What is expected. Please repeat, from the entries that follow, the lines from the one containing "#107=CARTESIAN_POINT('',(0.,4.61880215351701,10.));" through the one containing "#118=PLANE('',#117);" exactly, adding nothing.

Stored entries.
=== Begin Enclosure ===
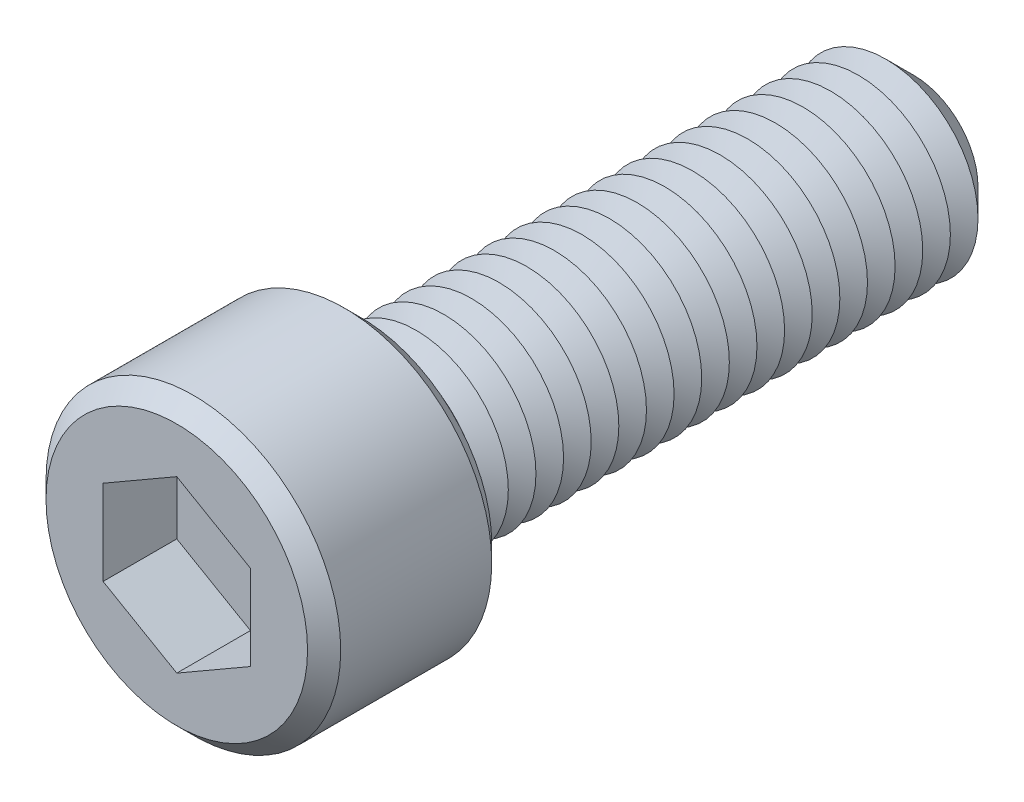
ISO-10303-21;
HEADER;
FILE_DESCRIPTION(('STEP AP214'),'2;1');
FILE_NAME('part.step','',(''),(''),'','','');
FILE_SCHEMA(('AUTOMOTIVE_DESIGN { 1 0 10303 214 1 1 1 1 }'));
ENDSEC;
DATA;
#1=APPLICATION_CONTEXT('core data for automotive mechanical design processes');
#2=APPLICATION_PROTOCOL_DEFINITION('international standard','automotive_design',2000,#1);
#3=PRODUCT_CONTEXT('',#1,'mechanical');
#4=PRODUCT('Part','Part','',(#3));
#5=PRODUCT_RELATED_PRODUCT_CATEGORY('part','',(#4));
#6=PRODUCT_DEFINITION_FORMATION('','',#4);
#7=PRODUCT_DEFINITION_CONTEXT('part definition',#1,'design');
#8=PRODUCT_DEFINITION('design','',#6,#7);
#9=PRODUCT_DEFINITION_SHAPE('','',#8);
#10=(LENGTH_UNIT() NAMED_UNIT(*) SI_UNIT(.MILLI.,.METRE.));
#11=(NAMED_UNIT(*) PLANE_ANGLE_UNIT() SI_UNIT($,.RADIAN.));
#12=(NAMED_UNIT(*) SI_UNIT($,.STERADIAN.) SOLID_ANGLE_UNIT());
#13=UNCERTAINTY_MEASURE_WITH_UNIT(LENGTH_MEASURE(1.E-05),#10,'distance_accuracy_value','');
#14=(GEOMETRIC_REPRESENTATION_CONTEXT(3) GLOBAL_UNCERTAINTY_ASSIGNED_CONTEXT((#13)) GLOBAL_UNIT_ASSIGNED_CONTEXT((#10,
#11,#12)) REPRESENTATION_CONTEXT('',''));
#15=CARTESIAN_POINT('',(0.,0.,0.));
#16=DIRECTION('',(0.,0.,1.));
#17=DIRECTION('',(1.,0.,0.));
#18=AXIS2_PLACEMENT_3D('',#15,#16,#17);
#19=CARTESIAN_POINT('',(0.,0.,10.));
#20=DIRECTION('',(0.,0.,-1.));
#21=DIRECTION('',(-1.,0.,0.));
#22=AXIS2_PLACEMENT_3D('',#19,#20,#21);
#23=CYLINDRICAL_SURFACE('',#22,8.);
#24=CARTESIAN_POINT('',(0.,0.,0.900000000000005));
#25=DIRECTION('',(0.,0.,1.));
#26=DIRECTION('',(1.,0.,0.));
#27=AXIS2_PLACEMENT_3D('',#24,#25,#26);
#28=CIRCLE('',#27,8.);
#29=CARTESIAN_POINT('',(8.,0.,0.900000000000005));
#30=VERTEX_POINT('',#29);
#31=EDGE_CURVE('E329',#30,#30,#28,.T.);
#32=ORIENTED_EDGE('',*,*,#31,.T.);
#33=EDGE_LOOP('',(#32));
#34=FACE_BOUND('',#33,.T.);
#35=CARTESIAN_POINT('',(0.,0.,9.1));
#36=DIRECTION('',(0.,0.,1.));
#37=DIRECTION('',(1.,0.,0.));
#38=AXIS2_PLACEMENT_3D('',#35,#36,#37);
#39=CIRCLE('',#38,8.);
#40=CARTESIAN_POINT('',(8.,0.,9.1));
#41=VERTEX_POINT('',#40);
#42=EDGE_CURVE('E325',#41,#41,#39,.F.);
#43=ORIENTED_EDGE('',*,*,#42,.T.);
#44=EDGE_LOOP('',(#43));
#45=FACE_BOUND('',#44,.T.);
#46=ADVANCED_FACE('F39',(#34,#45),#23,.T.);
#47=CARTESIAN_POINT('',(0.,0.,10.));
#48=DIRECTION('',(0.,0.,1.));
#49=DIRECTION('',(1.,0.,0.));
#50=AXIS2_PLACEMENT_3D('',#47,#48,#49);
#51=PLANE('',#50);
#52=CARTESIAN_POINT('',(0.,0.,10.));
#53=DIRECTION('',(0.,0.,1.));
#54=DIRECTION('',(1.,0.,0.));
#55=AXIS2_PLACEMENT_3D('',#52,#53,#54);
#56=CIRCLE('',#55,7.1);
#57=CARTESIAN_POINT('',(7.1,0.,10.));
#58=VERTEX_POINT('',#57);
#59=EDGE_CURVE('E11',#58,#58,#56,.T.);
#60=ORIENTED_EDGE('',*,*,#59,.T.);
#61=EDGE_LOOP('',(#60));
#62=FACE_BOUND('',#61,.T.);
#63=DIRECTION('',(-0.866025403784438,0.5,0.));
#64=VECTOR('',#63,1.);
#65=CARTESIAN_POINT('',(4.,2.3094010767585,10.));
#66=LINE('',#65,#64);
#67=CARTESIAN_POINT('',(4.,2.3094010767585,10.));
#68=VERTEX_POINT('',#67);
#69=CARTESIAN_POINT('',(0.,4.61880215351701,10.));
#70=VERTEX_POINT('',#69);
#71=EDGE_CURVE('E55',#68,#70,#66,.T.);
#72=ORIENTED_EDGE('',*,*,#71,.F.);
#73=DIRECTION('',(0.,1.,0.));
#74=VECTOR('',#73,1.);
#75=CARTESIAN_POINT('',(4.,-2.30940107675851,10.));
#76=LINE('',#75,#74);
#77=CARTESIAN_POINT('',(4.,-2.30940107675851,10.));
#78=VERTEX_POINT('',#77);
#79=EDGE_CURVE('E151',#78,#68,#76,.T.);
#80=ORIENTED_EDGE('',*,*,#79,.F.);
#81=DIRECTION('',(0.866025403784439,0.5,0.));
#82=VECTOR('',#81,1.);
#83=CARTESIAN_POINT('',(0.,-4.61880215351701,10.));
#84=LINE('',#83,#82);
#85=CARTESIAN_POINT('',(0.,-4.61880215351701,10.));
#86=VERTEX_POINT('',#85);
#87=EDGE_CURVE('E148',#86,#78,#84,.T.);
#88=ORIENTED_EDGE('',*,*,#87,.F.);
#89=DIRECTION('',(0.866025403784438,-0.5,0.));
#90=VECTOR('',#89,1.);
#91=CARTESIAN_POINT('',(-4.,-2.3094010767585,10.));
#92=LINE('',#91,#90);
#93=CARTESIAN_POINT('',(-4.,-2.3094010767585,10.));
#94=VERTEX_POINT('',#93);
#95=EDGE_CURVE('E103',#94,#86,#92,.T.);
#96=ORIENTED_EDGE('',*,*,#95,.F.);
#97=DIRECTION('',(0.,-1.,0.));
#98=VECTOR('',#97,1.);
#99=CARTESIAN_POINT('',(-4.,2.3094010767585,10.));
#100=LINE('',#99,#98);
#101=CARTESIAN_POINT('',(-4.,2.3094010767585,10.));
#102=VERTEX_POINT('',#101);
#103=EDGE_CURVE('E142',#102,#94,#100,.T.);
#104=ORIENTED_EDGE('',*,*,#103,.F.);
#105=DIRECTION('',(-0.866025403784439,-0.5,0.));
#106=VECTOR('',#105,1.);
#107=CARTESIAN_POINT('',(0.,4.61880215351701,10.));
#108=LINE('',#107,#106);
#109=EDGE_CURVE('E137',#70,#102,#108,.T.);
#110=ORIENTED_EDGE('',*,*,#109,.F.);
#111=EDGE_LOOP('',(#72,#80,#88,#96,#104,#110));
#112=FACE_BOUND('',#111,.T.);
#113=ADVANCED_FACE('F347',(#62,#112),#51,.T.);
#114=CARTESIAN_POINT('',(0.,0.,0.));
#115=DIRECTION('',(0.,0.,1.));
#116=DIRECTION('',(1.,0.,0.));
#117=AXIS2_PLACEMENT_3D('',#114,#115,#116);
#118=PLANE('',#117);
#119=CARTESIAN_POINT('',(0.,0.,0.));
#120=DIRECTION('',(0.,0.,1.));
#121=DIRECTION('',(1.,0.,0.));
#122=AXIS2_PLACEMENT_3D('',#119,#120,#121);
#123=CIRCLE('',#122,7.09999999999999);
#124=CARTESIAN_POINT('',(7.09999999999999,0.,0.));
#125=VERTEX_POINT('',#124);
#126=EDGE_CURVE('E48',#125,#125,#123,.F.);
#127=ORIENTED_EDGE('',*,*,#126,.T.);
#128=EDGE_LOOP('',(#127));
#129=FACE_BOUND('',#128,.T.);
#130=CARTESIAN_POINT('',(0.,0.,0.));
#131=DIRECTION('',(0.,0.,1.));
#132=DIRECTION('',(1.,0.,0.));
#133=AXIS2_PLACEMENT_3D('',#130,#131,#132);
#134=CIRCLE('',#133,5.);
#135=CARTESIAN_POINT('',(5.,0.,0.));
#136=VERTEX_POINT('',#135);
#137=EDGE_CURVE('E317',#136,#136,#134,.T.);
=== End Enclosure ===
Result of this exercise.
#107=CARTESIAN_POINT('',(0.,4.61880215351701,10.));
#108=LINE('',#107,#106);
#109=EDGE_CURVE('E137',#70,#102,#108,.T.);
#110=ORIENTED_EDGE('',*,*,#109,.F.);
#111=EDGE_LOOP('',(#72,#80,#88,#96,#104,#110));
#112=FACE_BOUND('',#111,.T.);
#113=ADVANCED_FACE('F347',(#62,#112),#51,.T.);
#114=CARTESIAN_POINT('',(0.,0.,0.));
#115=DIRECTION('',(0.,0.,1.));
#116=DIRECTION('',(1.,0.,0.));
#117=AXIS2_PLACEMENT_3D('',#114,#115,#116);
#118=PLANE('',#117);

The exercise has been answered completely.